Günlerce bekler Güneş'in ölümsüz tanrısını. Tek yapabildiği denizin tuzlu sularıyla dudaklarını ıslatabilmek olur ancak Apollon asla geri dönmez. Genç kızın bu acıklı haline kahrolan Denizlerin tanrıçası Thetis bitap haldeki Klytie'nin yanında belirir. Artık Apollon'un gelmeyeceğini kabul etmesini ve bu yas dolu günleri terk edip eski mutlu hayatına devam etmesi gerektiğini öğütler ona. Ancak bu sözler sıkışan kalbinde bir yarık açar adeta ve günlerce sürecek bir gözyaşı seli başlar o an. Klytie'nin gözlerinden dökülen her damla hem Güneş'in tanrısına duyduğu aşkla hem de nefretle doludur. Çarptığı sevgi duvarında kaybolan Klytie hiçbir şey yemeden içmeden yakarışlar içinde gözlerini yumar hayata.

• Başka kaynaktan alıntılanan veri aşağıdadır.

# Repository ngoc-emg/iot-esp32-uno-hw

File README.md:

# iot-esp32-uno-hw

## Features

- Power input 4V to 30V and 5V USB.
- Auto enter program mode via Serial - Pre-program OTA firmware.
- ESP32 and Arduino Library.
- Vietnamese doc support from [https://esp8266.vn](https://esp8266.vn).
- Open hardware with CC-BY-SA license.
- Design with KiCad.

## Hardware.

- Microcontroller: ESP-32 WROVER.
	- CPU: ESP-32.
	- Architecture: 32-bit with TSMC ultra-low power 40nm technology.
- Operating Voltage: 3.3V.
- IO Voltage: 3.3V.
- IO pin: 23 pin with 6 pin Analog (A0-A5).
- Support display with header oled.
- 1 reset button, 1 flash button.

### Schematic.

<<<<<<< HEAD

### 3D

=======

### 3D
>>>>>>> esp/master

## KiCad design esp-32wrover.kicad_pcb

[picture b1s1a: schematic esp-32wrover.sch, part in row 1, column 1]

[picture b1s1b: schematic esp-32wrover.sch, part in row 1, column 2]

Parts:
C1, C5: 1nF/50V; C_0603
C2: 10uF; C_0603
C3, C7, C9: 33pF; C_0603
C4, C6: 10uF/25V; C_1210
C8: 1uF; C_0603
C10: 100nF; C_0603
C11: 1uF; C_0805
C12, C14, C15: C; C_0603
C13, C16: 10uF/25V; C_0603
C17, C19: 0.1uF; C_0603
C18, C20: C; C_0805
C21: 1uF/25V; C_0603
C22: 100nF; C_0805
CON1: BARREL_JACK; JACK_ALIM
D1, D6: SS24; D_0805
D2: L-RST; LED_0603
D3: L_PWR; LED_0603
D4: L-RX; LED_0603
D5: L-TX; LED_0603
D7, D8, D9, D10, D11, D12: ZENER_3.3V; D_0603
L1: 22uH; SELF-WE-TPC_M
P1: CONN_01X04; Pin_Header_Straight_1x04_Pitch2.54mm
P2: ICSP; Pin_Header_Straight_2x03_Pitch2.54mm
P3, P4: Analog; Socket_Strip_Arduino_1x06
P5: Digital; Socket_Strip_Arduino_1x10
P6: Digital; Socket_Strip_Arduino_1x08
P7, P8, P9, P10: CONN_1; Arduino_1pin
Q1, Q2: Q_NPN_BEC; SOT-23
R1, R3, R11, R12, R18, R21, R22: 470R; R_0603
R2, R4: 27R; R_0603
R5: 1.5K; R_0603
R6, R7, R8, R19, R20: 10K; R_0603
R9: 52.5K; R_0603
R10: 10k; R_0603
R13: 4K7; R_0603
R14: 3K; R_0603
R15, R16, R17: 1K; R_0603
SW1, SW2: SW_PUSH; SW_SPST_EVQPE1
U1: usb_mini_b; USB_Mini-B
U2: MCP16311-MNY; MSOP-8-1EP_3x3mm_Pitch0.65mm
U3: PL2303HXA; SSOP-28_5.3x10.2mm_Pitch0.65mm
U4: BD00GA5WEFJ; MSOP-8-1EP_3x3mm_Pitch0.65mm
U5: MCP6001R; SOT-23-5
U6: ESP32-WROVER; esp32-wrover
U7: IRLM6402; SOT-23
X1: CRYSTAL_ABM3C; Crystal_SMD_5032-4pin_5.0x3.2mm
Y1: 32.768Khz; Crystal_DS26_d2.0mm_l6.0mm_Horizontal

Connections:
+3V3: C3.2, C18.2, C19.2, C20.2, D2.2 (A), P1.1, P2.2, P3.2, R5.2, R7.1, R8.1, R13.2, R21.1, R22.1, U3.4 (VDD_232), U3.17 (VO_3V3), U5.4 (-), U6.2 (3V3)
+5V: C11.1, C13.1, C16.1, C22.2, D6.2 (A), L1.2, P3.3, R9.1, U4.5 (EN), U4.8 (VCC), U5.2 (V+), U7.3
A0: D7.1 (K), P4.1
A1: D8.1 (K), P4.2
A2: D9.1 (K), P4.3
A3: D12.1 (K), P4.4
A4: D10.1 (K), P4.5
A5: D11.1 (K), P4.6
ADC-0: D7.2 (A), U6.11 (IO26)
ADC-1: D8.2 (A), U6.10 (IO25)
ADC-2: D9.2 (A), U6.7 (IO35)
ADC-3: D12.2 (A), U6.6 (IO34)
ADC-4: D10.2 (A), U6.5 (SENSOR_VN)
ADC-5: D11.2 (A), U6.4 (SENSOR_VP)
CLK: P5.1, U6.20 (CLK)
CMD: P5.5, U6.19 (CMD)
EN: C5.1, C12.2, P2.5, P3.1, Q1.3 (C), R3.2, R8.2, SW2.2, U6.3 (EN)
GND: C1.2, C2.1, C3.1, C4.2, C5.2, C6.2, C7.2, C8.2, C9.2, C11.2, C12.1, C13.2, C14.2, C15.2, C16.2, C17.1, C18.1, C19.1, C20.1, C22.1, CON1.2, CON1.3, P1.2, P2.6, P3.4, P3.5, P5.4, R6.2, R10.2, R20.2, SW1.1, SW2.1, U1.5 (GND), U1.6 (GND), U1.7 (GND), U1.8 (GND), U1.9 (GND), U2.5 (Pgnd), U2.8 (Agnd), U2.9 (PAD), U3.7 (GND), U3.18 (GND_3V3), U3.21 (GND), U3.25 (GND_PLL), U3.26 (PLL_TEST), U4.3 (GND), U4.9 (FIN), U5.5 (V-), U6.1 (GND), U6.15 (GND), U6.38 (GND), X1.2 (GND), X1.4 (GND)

Aşk diye bir şey vardır ve gerçektir. Yaşadığı, hissettiği, güldüğü, ağladığı ve nefes aldığı her anda hissettiği bu duyguyu Apollon da hissetseydi, böyle terk edilemezdi Klytie, biliyordu. Biliyordu ve sevildiği kadar sevilmemek canını çok çok daha yakıyordu. O, aşkla kavrulurken Apollon'unki yalnızca basit bir heyecandı ve bitmişti işte.

Sevgisizliğin sonsuzluğunda kaybolan Klytie'nin kalp kırıklıklarından bir çiçek yaratır Apollon: Heliotrope yani Günebakan... Tıpkı Klytie'nin Güneş'ten saçları gibi sarı taç yapraklarıyla çevrili ince boyunlu güzel bir çiçektir bu.

Ancak Klytie'nin aşkı öylesine güçlüdür ki Güneş ne zaman doğsa yüzünü ona çevirir aramak için Apollon'u ve her gece ay doğduğunda bükülür boynu. Belki de onu bıraktığı ızdıraptan çıkartıp ruhunu kutsamak istemişti Apollon, yarattığı yıkımın ne denli büyük olduğunu bilmeden ve küçümseyerek Klytie'nin aşkını. Bu yüzdendir Klytie'nin bu aşka mahkumiyeti Güneş'in Tanrısı kadar ölümsüzdür. Döndükçe yüzünü her Günebakan Güneşe, aşkın umudu yayılır sarı tarlalardan mavi göklere ve devam eder aşk ile heyecanın sessiz savaşı yeryüzünde.